Complex Hyperbolic Derivative Problem

[Liquid7800]

Homework Statement

Hello,
Thanks for taking some time to help me out...and I have to apologize for posting a graphic of my logic and attempted answer instead of using LateX (It would take me a very long time just to get this problem viewable)

Please help me check my work and logic here...(see attached graphic) I don't know of any place I can see if my answer is correct (Not a book problem)

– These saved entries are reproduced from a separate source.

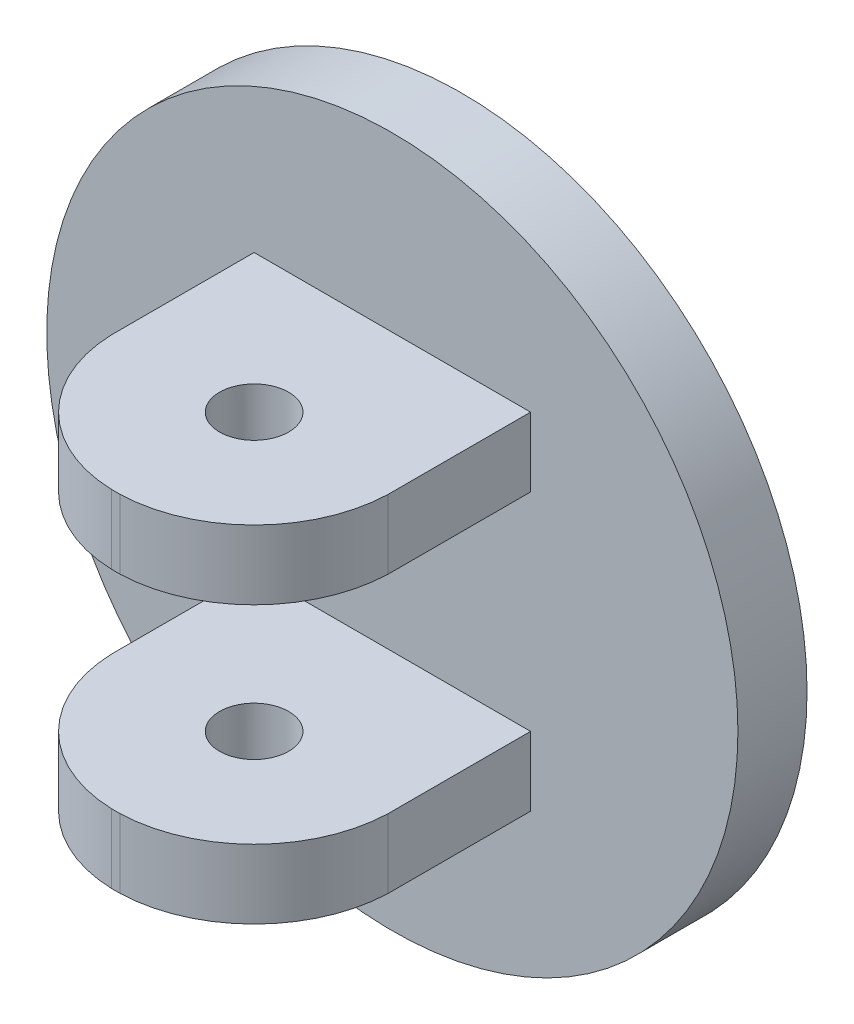
ISO-10303-21;
HEADER;
FILE_DESCRIPTION(('STEP AP214'),'2;1');
FILE_NAME('part.step','',(''),(''),'','','');
FILE_SCHEMA(('AUTOMOTIVE_DESIGN { 1 0 10303 214 1 1 1 1 }'));
ENDSEC;
DATA;
#1=APPLICATION_CONTEXT('core data for automotive mechanical design processes');
#2=APPLICATION_PROTOCOL_DEFINITION('international standard','automotive_design',2000,#1);
#3=PRODUCT_CONTEXT('',#1,'mechanical');
#4=PRODUCT('Part','Part','',(#3));
#5=PRODUCT_RELATED_PRODUCT_CATEGORY('part','',(#4));
#6=PRODUCT_DEFINITION_FORMATION('','',#4);
#7=PRODUCT_DEFINITION_CONTEXT('part definition',#1,'design');
#8=PRODUCT_DEFINITION('design','',#6,#7);
#9=PRODUCT_DEFINITION_SHAPE('','',#8);
#10=(LENGTH_UNIT() NAMED_UNIT(*) SI_UNIT(.MILLI.,.METRE.));
#11=(NAMED_UNIT(*) PLANE_ANGLE_UNIT() SI_UNIT($,.RADIAN.));
#12=(NAMED_UNIT(*) SI_UNIT($,.STERADIAN.) SOLID_ANGLE_UNIT());
#13=UNCERTAINTY_MEASURE_WITH_UNIT(LENGTH_MEASURE(1.E-05),#10,'distance_accuracy_value','');
#14=(GEOMETRIC_REPRESENTATION_CONTEXT(3) GLOBAL_UNCERTAINTY_ASSIGNED_CONTEXT((#13)) GLOBAL_UNIT_ASSIGNED_CONTEXT((#10,
#11,#12)) REPRESENTATION_CONTEXT('',''));
#15=CARTESIAN_POINT('',(0.,0.,0.));
#16=DIRECTION('',(0.,0.,1.));
#17=DIRECTION('',(1.,0.,0.));
#18=AXIS2_PLACEMENT_3D('',#15,#16,#17);
#19=CARTESIAN_POINT('',(20.,15.,50.));
#20=DIRECTION('',(-1.,0.,0.));
#21=DIRECTION('',(0.,0.,1.));
#22=AXIS2_PLACEMENT_3D('',#19,#20,#21);
#23=PLANE('',#22);
#24=DIRECTION('',(0.,1.,0.));
#25=VECTOR('',#24,1.);
#26=CARTESIAN_POINT('',(20.,15.,10.));
#27=LINE('',#26,#25);
#28=CARTESIAN_POINT('',(20.,15.,10.));
#29=VERTEX_POINT('',#28);
#30=CARTESIAN_POINT('',(20.,25.,10.));
#31=VERTEX_POINT('',#30);
#32=EDGE_CURVE('E164',#29,#31,#27,.T.);
#33=ORIENTED_EDGE('',*,*,#32,.T.);
#34=DIRECTION('',(0.,0.,-1.));
#35=VECTOR('',#34,1.);
#36=CARTESIAN_POINT('',(20.,25.,50.));
#37=LINE('',#36,#35);
#38=CARTESIAN_POINT('',(20.,25.,30.622391971047));
#39=VERTEX_POINT('',#38);
#40=EDGE_CURVE('E202',#39,#31,#37,.T.);
#41=ORIENTED_EDGE('',*,*,#40,.F.);
#42=DIRECTION('',(0.,1.,0.));
#43=VECTOR('',#42,1.);
#44=CARTESIAN_POINT('',(20.,-76.,30.622391971047));
#45=LINE('',#44,#43);
#46=CARTESIAN_POINT('',(20.,15.,30.622391971047));
#47=VERTEX_POINT('',#46);
#48=EDGE_CURVE('E246',#47,#39,#45,.T.);
#49=ORIENTED_EDGE('',*,*,#48,.F.);
#50=DIRECTION('',(0.,0.,-1.));
#51=VECTOR('',#50,1.);
#52=CARTESIAN_POINT('',(20.,15.,50.));
#53=LINE('',#52,#51);
#54=EDGE_CURVE('E179',#47,#29,#53,.T.);
#55=ORIENTED_EDGE('',*,*,#54,.T.);
#56=EDGE_LOOP('',(#33,#41,#49,#55));
#57=FACE_BOUND('',#56,.T.);
#58=ADVANCED_FACE('F39',(#57),#23,.F.);
#59=CARTESIAN_POINT('',(0.,25.,50.));
#60=DIRECTION('',(0.,-1.,0.));
#61=DIRECTION('',(1.,0.,0.));
#62=AXIS2_PLACEMENT_3D('',#59,#60,#61);
#63=PLANE('',#62);
#64=CARTESIAN_POINT('',(0.,25.,30.));
#65=DIRECTION('',(0.,-1.,0.));
#66=DIRECTION('',(1.,0.,0.));
#67=AXIS2_PLACEMENT_3D('',#64,#65,#66);
#68=CIRCLE('',#67,5.);
#69=CARTESIAN_POINT('',(5.,25.,30.));
#70=VERTEX_POINT('',#69);
#71=EDGE_CURVE('E259',#70,#70,#68,.F.);
#72=ORIENTED_EDGE('',*,*,#71,.F.);
#73=EDGE_LOOP('',(#72));
#74=FACE_BOUND('',#73,.T.);
#75=CARTESIAN_POINT('',(0.,25.,30.));
#76=DIRECTION('',(0.,-1.,0.));
#77=DIRECTION('',(1.,0.,0.));
#78=AXIS2_PLACEMENT_3D('',#75,#76,#77);
#79=CIRCLE('',#78,20.0096819506364);
#80=CARTESIAN_POINT('',(0.622391971046764,25.,50.));
#81=VERTEX_POINT('',#80);
#82=EDGE_CURVE('E63',#39,#81,#79,.T.);
#83=ORIENTED_EDGE('',*,*,#82,.F.);
#84=ORIENTED_EDGE('',*,*,#40,.T.);
#85=DIRECTION('',(-1.,0.,0.));
#86=VECTOR('',#85,1.);
#87=CARTESIAN_POINT('',(0.,25.,10.));
#88=LINE('',#87,#86);
#89=CARTESIAN_POINT('',(-20.,25.,10.));
#90=VERTEX_POINT('',#89);
#91=EDGE_CURVE('E183',#31,#90,#88,.T.);
#92=ORIENTED_EDGE('',*,*,#91,.T.);
#93=DIRECTION('',(0.,0.,-1.));
#94=VECTOR('',#93,1.);
#95=CARTESIAN_POINT('',(-20.,25.,50.));
#96=LINE('',#95,#94);
#97=CARTESIAN_POINT('',(-20.,25.,30.622391971047));
#98=VERTEX_POINT('',#97);
#99=EDGE_CURVE('E199',#98,#90,#96,.T.);
#100=ORIENTED_EDGE('',*,*,#99,.F.);
#101=CARTESIAN_POINT('',(-0.622391971046741,25.,50.));
#102=VERTEX_POINT('',#101);
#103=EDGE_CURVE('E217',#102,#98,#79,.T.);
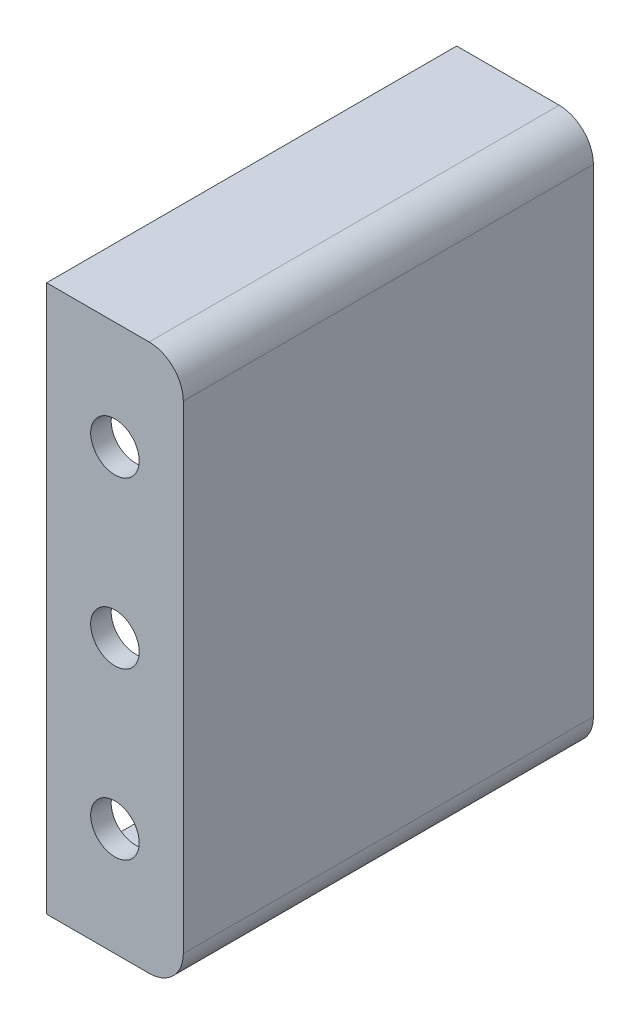
ISO-10303-21;
HEADER;
FILE_DESCRIPTION(('STEP AP214'),'2;1');
FILE_NAME('part.step','',(''),(''),'','','');
FILE_SCHEMA(('AUTOMOTIVE_DESIGN { 1 0 10303 214 1 1 1 1 }'));
ENDSEC;
DATA;
#1=APPLICATION_CONTEXT('core data for automotive mechanical design processes');
#2=APPLICATION_PROTOCOL_DEFINITION('international standard','automotive_design',2000,#1);
#3=PRODUCT_CONTEXT('',#1,'mechanical');
#4=PRODUCT('Part','Part','',(#3));
#5=PRODUCT_RELATED_PRODUCT_CATEGORY('part','',(#4));
#6=PRODUCT_DEFINITION_FORMATION('','',#4);
#7=PRODUCT_DEFINITION_CONTEXT('part definition',#1,'design');
#8=PRODUCT_DEFINITION('design','',#6,#7);
#9=PRODUCT_DEFINITION_SHAPE('','',#8);
#10=(LENGTH_UNIT() NAMED_UNIT(*) SI_UNIT(.MILLI.,.METRE.));
#11=(NAMED_UNIT(*) PLANE_ANGLE_UNIT() SI_UNIT($,.RADIAN.));
#12=(NAMED_UNIT(*) SI_UNIT($,.STERADIAN.) SOLID_ANGLE_UNIT());
#13=UNCERTAINTY_MEASURE_WITH_UNIT(LENGTH_MEASURE(1.E-05),#10,'distance_accuracy_value','');
#14=(GEOMETRIC_REPRESENTATION_CONTEXT(3) GLOBAL_UNCERTAINTY_ASSIGNED_CONTEXT((#13)) GLOBAL_UNIT_ASSIGNED_CONTEXT((#10,
#11,#12)) REPRESENTATION_CONTEXT('',''));
#15=CARTESIAN_POINT('',(0.,0.,0.));
#16=DIRECTION('',(0.,0.,1.));
#17=DIRECTION('',(1.,0.,0.));
#18=AXIS2_PLACEMENT_3D('',#15,#16,#17);
#19=CARTESIAN_POINT('',(0.,0.,60.));
#20=DIRECTION('',(0.,0.,1.));
#21=DIRECTION('',(1.,0.,0.));
#22=AXIS2_PLACEMENT_3D('',#19,#20,#21);
#23=PLANE('',#22);
#24=CARTESIAN_POINT('',(0.,-24.2,60.));
#25=DIRECTION('',(0.,0.,1.));
#26=DIRECTION('',(1.,0.,0.));
#27=AXIS2_PLACEMENT_3D('',#24,#25,#26);
#28=CIRCLE('',#27,3.55);
#29=CARTESIAN_POINT('',(3.55,-24.2,60.));
#30=VERTEX_POINT('',#29);
#31=EDGE_CURVE('E234',#30,#30,#28,.F.);
#32=ORIENTED_EDGE('',*,*,#31,.T.);
#33=EDGE_LOOP('',(#32));
#34=FACE_BOUND('',#33,.T.);
#35=DIRECTION('',(-1.,0.,0.));
#36=VECTOR('',#35,1.);
#37=CARTESIAN_POINT('',(0.,-40.,60.));
#38=LINE('',#37,#36);
#39=CARTESIAN_POINT('',(4.99999999999999,-40.,60.));
#40=VERTEX_POINT('',#39);
#41=CARTESIAN_POINT('',(-10.,-40.,60.));
#42=VERTEX_POINT('',#41);
#43=EDGE_CURVE('E180',#40,#42,#38,.T.);
#44=ORIENTED_EDGE('',*,*,#43,.F.);
#45=CARTESIAN_POINT('',(4.99999999999999,-35.,60.));
#46=DIRECTION('',(0.,0.,1.));
#47=DIRECTION('',(1.,0.,0.));
#48=AXIS2_PLACEMENT_3D('',#45,#46,#47);
#49=CIRCLE('',#48,5.);
#50=CARTESIAN_POINT('',(9.99999999999999,-35.,60.));
#51=VERTEX_POINT('',#50);
#52=EDGE_CURVE('E49',#40,#51,#49,.T.);
#53=ORIENTED_EDGE('',*,*,#52,.T.);
#54=DIRECTION('',(0.,1.,0.));
#55=VECTOR('',#54,1.);
#56=CARTESIAN_POINT('',(10.,0.,60.));
#57=LINE('',#56,#55);
#58=CARTESIAN_POINT('',(10.,35.,60.));
#59=VERTEX_POINT('',#58);
#60=EDGE_CURVE('E169',#51,#59,#57,.T.);
#61=ORIENTED_EDGE('',*,*,#60,.T.);
#62=CARTESIAN_POINT('',(5.,35.,60.));
#63=DIRECTION('',(0.,0.,1.));
#64=DIRECTION('',(1.,0.,0.));
#65=AXIS2_PLACEMENT_3D('',#62,#63,#64);
#66=CIRCLE('',#65,5.);
#67=CARTESIAN_POINT('',(5.,40.,60.));
#68=VERTEX_POINT('',#67);
#69=EDGE_CURVE('E59',#59,#68,#66,.T.);
#70=ORIENTED_EDGE('',*,*,#69,.T.);
#71=DIRECTION('',(-1.,0.,0.));
#72=VECTOR('',#71,1.);
#73=CARTESIAN_POINT('',(0.,40.,60.));
#74=LINE('',#73,#72);
#75=CARTESIAN_POINT('',(-10.,40.,60.));
#76=VERTEX_POINT('',#75);
#77=EDGE_CURVE('E171',#68,#76,#74,.T.);
#78=ORIENTED_EDGE('',*,*,#77,.T.);
#79=DIRECTION('',(0.,1.,0.));
#80=VECTOR('',#79,1.);
#81=CARTESIAN_POINT('',(-10.,0.,60.));
#82=LINE('',#81,#80);
#83=EDGE_CURVE('E172',#42,#76,#82,.T.);
#84=ORIENTED_EDGE('',*,*,#83,.F.);
#85=EDGE_LOOP('',(#44,#53,#61,#70,#78,#84));
#86=FACE_BOUND('',#85,.T.);
#87=CARTESIAN_POINT('',(0.,0.,60.));
#88=DIRECTION('',(0.,0.,1.));
#89=DIRECTION('',(1.,0.,0.));
#90=AXIS2_PLACEMENT_3D('',#87,#88,#89);
#91=CIRCLE('',#90,3.55);
#92=CARTESIAN_POINT('',(3.55,0.,60.));
#93=VERTEX_POINT('',#92);
#94=EDGE_CURVE('E237',#93,#93,#91,.T.);
#95=ORIENTED_EDGE('',*,*,#94,.F.);
#96=EDGE_LOOP('',(#95));
#97=FACE_BOUND('',#96,.T.);
#98=CARTESIAN_POINT('',(0.,24.2,60.));
#99=DIRECTION('',(0.,0.,1.));
#100=DIRECTION('',(1.,0.,0.));
#101=AXIS2_PLACEMENT_3D('',#98,#99,#100);
#102=CIRCLE('',#101,3.55);
#103=CARTESIAN_POINT('',(3.55,24.2,60.));
#104=VERTEX_POINT('',#103);
#105=EDGE_CURVE('E196',#104,#104,#102,.T.);
#106=ORIENTED_EDGE('',*,*,#105,.F.);
#107=EDGE_LOOP('',(#106));
#108=FACE_BOUND('',#107,.T.);
#109=ADVANCED_FACE('F41',(#34,#86,#97,#108),#23,.T.);
#110=CARTESIAN_POINT('',(0.,0.,57.));
#111=DIRECTION('',(0.,0.,1.));
#112=DIRECTION('',(1.,0.,0.));
#113=AXIS2_PLACEMENT_3D('',#110,#111,#112);
#114=PLANE('',#113);
#115=CARTESIAN_POINT('',(0.,0.,57.));
#116=DIRECTION('',(0.,0.,1.));
#117=DIRECTION('',(1.,0.,0.));
#118=AXIS2_PLACEMENT_3D('',#115,#116,#117);
#119=CIRCLE('',#118,3.55);
#120=CARTESIAN_POINT('',(3.55,0.,57.));
#121=VERTEX_POINT('',#120);
#122=EDGE_CURVE('E200',#121,#121,#119,.T.);
#123=ORIENTED_EDGE('',*,*,#122,.T.);
#124=EDGE_LOOP('',(#123));
#125=FACE_BOUND('',#124,.T.);
#126=CARTESIAN_POINT('',(0.,-24.2,57.));
#127=DIRECTION('',(0.,0.,1.));
#128=DIRECTION('',(1.,0.,0.));
#129=AXIS2_PLACEMENT_3D('',#126,#127,#128);
#130=CIRCLE('',#129,3.55);
#131=CARTESIAN_POINT('',(3.55,-24.2,57.));
#132=VERTEX_POINT('',#131);
#133=EDGE_CURVE('E195',#132,#132,#130,.F.);
#134=ORIENTED_EDGE('',*,*,#133,.F.);
#135=EDGE_LOOP('',(#134));
#136=FACE_BOUND('',#135,.T.);
#137=DIRECTION('',(-1.,0.,0.));
#138=VECTOR('',#137,1.);
#139=CARTESIAN_POINT('',(0.,37.,57.));
#140=LINE('',#139,#138);
#141=CARTESIAN_POINT('',(2.,37.,57.));
#142=VERTEX_POINT('',#141);
#143=CARTESIAN_POINT('',(-10.,37.,57.));
#144=VERTEX_POINT('',#143);
#145=EDGE_CURVE('E153',#142,#144,#140,.T.);
#146=ORIENTED_EDGE('',*,*,#145,.F.);
#147=CARTESIAN_POINT('',(2.,32.,57.));
#148=DIRECTION('',(0.,0.,1.));
#149=DIRECTION('',(1.,0.,0.));
#150=AXIS2_PLACEMENT_3D('',#147,#148,#149);
#151=CIRCLE('',#150,5.);
#152=CARTESIAN_POINT('',(7.,32.,57.));
#153=VERTEX_POINT('',#152);
#154=EDGE_CURVE('E218',#142,#153,#151,.F.);
#155=ORIENTED_EDGE('',*,*,#154,.T.);
#156=DIRECTION('',(0.,1.,0.));
#157=VECTOR('',#156,1.);
#158=CARTESIAN_POINT('',(7.,0.,57.));
#159=LINE('',#158,#157);
#160=CARTESIAN_POINT('',(6.99999999999999,-30.,57.));
#161=VERTEX_POINT('',#160);
#162=EDGE_CURVE('E162',#161,#153,#159,.T.);
#163=ORIENTED_EDGE('',*,*,#162,.F.);
#164=CARTESIAN_POINT('',(1.99999999999999,-30.,57.));
#165=DIRECTION('',(0.,0.,1.));
#166=DIRECTION('',(1.,0.,0.));
#167=AXIS2_PLACEMENT_3D('',#164,#165,#166);
#168=CIRCLE('',#167,5.);
#169=CARTESIAN_POINT('',(1.99999999999999,-35.,57.));
#170=VERTEX_POINT('',#169);
#171=EDGE_CURVE('E215',#161,#170,#168,.F.);
#172=ORIENTED_EDGE('',*,*,#171,.T.);
#173=DIRECTION('',(-1.,0.,0.));
#174=VECTOR('',#173,1.);
#175=CARTESIAN_POINT('',(0.,-35.,57.));
#176=LINE('',#175,#174);
#177=CARTESIAN_POINT('',(-10.,-35.,57.));
#178=VERTEX_POINT('',#177);
#179=EDGE_CURVE('E168',#170,#178,#176,.T.);
#180=ORIENTED_EDGE('',*,*,#179,.T.);
#181=DIRECTION('',(0.,1.,0.));
#182=VECTOR('',#181,1.);
#183=CARTESIAN_POINT('',(-10.,0.,57.));
#184=LINE('',#183,#182);
#185=EDGE_CURVE('E170',#178,#144,#184,.T.);
#186=ORIENTED_EDGE('',*,*,#185,.T.);
#187=EDGE_LOOP('',(#146,#155,#163,#172,#180,#186));
#188=FACE_BOUND('',#187,.T.);
#189=CARTESIAN_POINT('',(0.,24.2,57.));
#190=DIRECTION('',(0.,0.,1.));
#191=DIRECTION('',(1.,0.,0.));
#192=AXIS2_PLACEMENT_3D('',#189,#190,#191);
#193=CIRCLE('',#192,3.55);
#194=CARTESIAN_POINT('',(3.55,24.2,57.));
#195=VERTEX_POINT('',#194);
#196=EDGE_CURVE('E202',#195,#195,#193,.T.);
#197=ORIENTED_EDGE('',*,*,#196,.T.);
#198=EDGE_LOOP('',(#197));
#199=FACE_BOUND('',#198,.T.);
#200=ADVANCED_FACE('F285',(#125,#136,#188,#199),#114,.F.);
#201=CARTESIAN_POINT('',(-10.,0.,60.));
#202=DIRECTION('',(-1.,0.,0.));
#203=DIRECTION('',(0.,-1.,0.));
#204=AXIS2_PLACEMENT_3D('',#201,#202,#203);
#205=PLANE('',#204);
#206=DIRECTION('',(0.,1.,0.));
#207=VECTOR('',#206,1.);
#208=CARTESIAN_POINT('',(-10.,0.,0.));
#209=LINE('',#208,#207);
#210=CARTESIAN_POINT('',(-10.,-40.,0.));
#211=VERTEX_POINT('',#210);
#212=CARTESIAN_POINT('',(-10.,40.,0.));
#213=VERTEX_POINT('',#212);
#214=EDGE_CURVE('E183',#211,#213,#209,.T.);
#215=ORIENTED_EDGE('',*,*,#214,.F.);
#216=DIRECTION('',(0.,0.,-1.));
#217=VECTOR('',#216,1.);
#218=CARTESIAN_POINT('',(-10.,-40.,60.));
#219=LINE('',#218,#217);
#220=EDGE_CURVE('E177',#42,#211,#219,.T.);
#221=ORIENTED_EDGE('',*,*,#220,.F.);
#222=ORIENTED_EDGE('',*,*,#83,.T.);
#223=DIRECTION('',(0.,0.,-1.));
#224=VECTOR('',#223,1.);
#225=CARTESIAN_POINT('',(-10.,40.,60.));
#226=LINE('',#225,#224);
#227=EDGE_CURVE('E188',#76,#213,#226,.T.);
#228=ORIENTED_EDGE('',*,*,#227,.T.);
#229=EDGE_LOOP('',(#215,#221,#222,#228));
#230=FACE_BOUND('',#229,.T.);
#231=DIRECTION('',(0.,0.,-1.));
#232=VECTOR('',#231,1.);
#233=CARTESIAN_POINT('',(-10.,-35.,60.));
#234=LINE('',#233,#232);
#235=CARTESIAN_POINT('',(-10.,-35.,3.));
#236=VERTEX_POINT('',#235);
#237=EDGE_CURVE('E157',#178,#236,#234,.T.);
#238=ORIENTED_EDGE('',*,*,#237,.T.);
#239=DIRECTION('',(0.,1.,0.));
#240=VECTOR('',#239,1.);
#241=CARTESIAN_POINT('',(-10.,0.,3.));
#242=LINE('',#241,#240);
#243=CARTESIAN_POINT('',(-10.,37.,3.));
#244=VERTEX_POINT('',#243);
#245=EDGE_CURVE('E138',#236,#244,#242,.T.);
#246=ORIENTED_EDGE('',*,*,#245,.T.);
#247=DIRECTION('',(0.,0.,-1.));
#248=VECTOR('',#247,1.);
#249=CARTESIAN_POINT('',(-10.,37.,60.));
#250=LINE('',#249,#248);
#251=EDGE_CURVE('E147',#144,#244,#250,.T.);
#252=ORIENTED_EDGE('',*,*,#251,.F.);
#253=ORIENTED_EDGE('',*,*,#185,.F.);
#254=EDGE_LOOP('',(#238,#246,#252,#253));
#255=FACE_BOUND('',#254,.T.);
#256=ADVANCED_FACE('F159',(#230,#255),#205,.T.);
#257=CARTESIAN_POINT('',(10.,0.,60.));
#258=DIRECTION('',(-1.,0.,0.));
#259=DIRECTION('',(0.,-1.,0.));
#260=AXIS2_PLACEMENT_3D('',#257,#258,#259);
#261=PLANE('',#260);
#262=ORIENTED_EDGE('',*,*,#60,.F.);
#263=DIRECTION('',(0.,0.,-1.));
#264=VECTOR('',#263,1.);
#265=CARTESIAN_POINT('',(9.99999999999999,-35.,0.));
#266=LINE('',#265,#264);
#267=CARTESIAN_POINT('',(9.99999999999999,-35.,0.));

The problem itself is stated in the first box drawn (see below)...

Homework Equations

None

The Attempt at a Solution

My logic (with comments throughout) and the last red box drawn is my attempt at a solution..(see the graphic below)
I hope this is sort of easy to follow ...and I appreciate any help.
Thank you...

Does this seem right?

 

[HallsofIvy]

No, it doesn't seem right. At one point you have
$$\frac{1}{2}\frac{1}{2}sech^2(\frac{x}{2})- \frac{1}{2}tanh(\frac{x}{2})sech(\frac{x}{2})$$ and then, in the next two lines, that difference has metamorphised into a product,
$$\left(\frac{1}{4}\right)\left(\frac{1}{2}\right)\left(sech^2(\frac{x}{2})\right)\left(-1\right)\left(tanh^2(\frac{x}{2})\right)\left(sech^2(\frac{x}{2})\right)$$
and then in the next line, you have reassembled that difference into a sum!

The first line I mention above,
$$\frac{1}{2}\frac{1}{2}sech^2(\frac{x}{2})- \frac{1}{2}tanh(\frac{x}{2})sech(\frac{x}{2})$$
is correct. You can factor (1/2)sech²(x/2) out:
$$\frac{1}{2}sech^2(x/2)\left(\frac{1}{2}- tanh^2(\frac{1}{2})\right)$$
but that's about all you can do.

 

[Liquid7800]

@HallOfIvy..

Thanks very much for reviewing my work!

--------------------------------------------------------------------------------
No, it doesn't seem right. At one point you have
$$\frac{1}{2}\frac{1}{2}sech^2(\frac{x}{2})- \frac{1}{2}tanh(\frac{x}{2})sech(\frac{x}{2})$$
and then, in the next two lines, that difference has metamorphised into a product,
$$\frac{1}{2}\frac{1}{2}sech^2(\frac{x}{2})- \frac{1}{2}tanh(\frac{x}{2})sech(\frac{x}{2})$$
and then in the next line, you have reassembled that difference into a sum!

I was very suspicious of that operation (I thought it might be illegal)...thats why I was hoping an expert such as yourself could give me some insight.

Now I've got two questions:

1) The sbove mentioned operstion is illegal why?
What I was trying to do was turn the difference into a sum by factoring out the negative -1?
In effect turning function-function*function into (function+function)-1*function...
Or is this totally illegal...

2) So the final answer is:

$$\frac{1}{2}sech^2(x/2)\left(\frac{1}{2}- tanh^2(\frac{1}{2})\right)$$

or should it be:
$$\frac{1}{2}sech^2(x/2)\left(\frac{1}{2}- tanh^2(\frac{x}{2})\right)$$
...and so one of these is then the FINAL answer?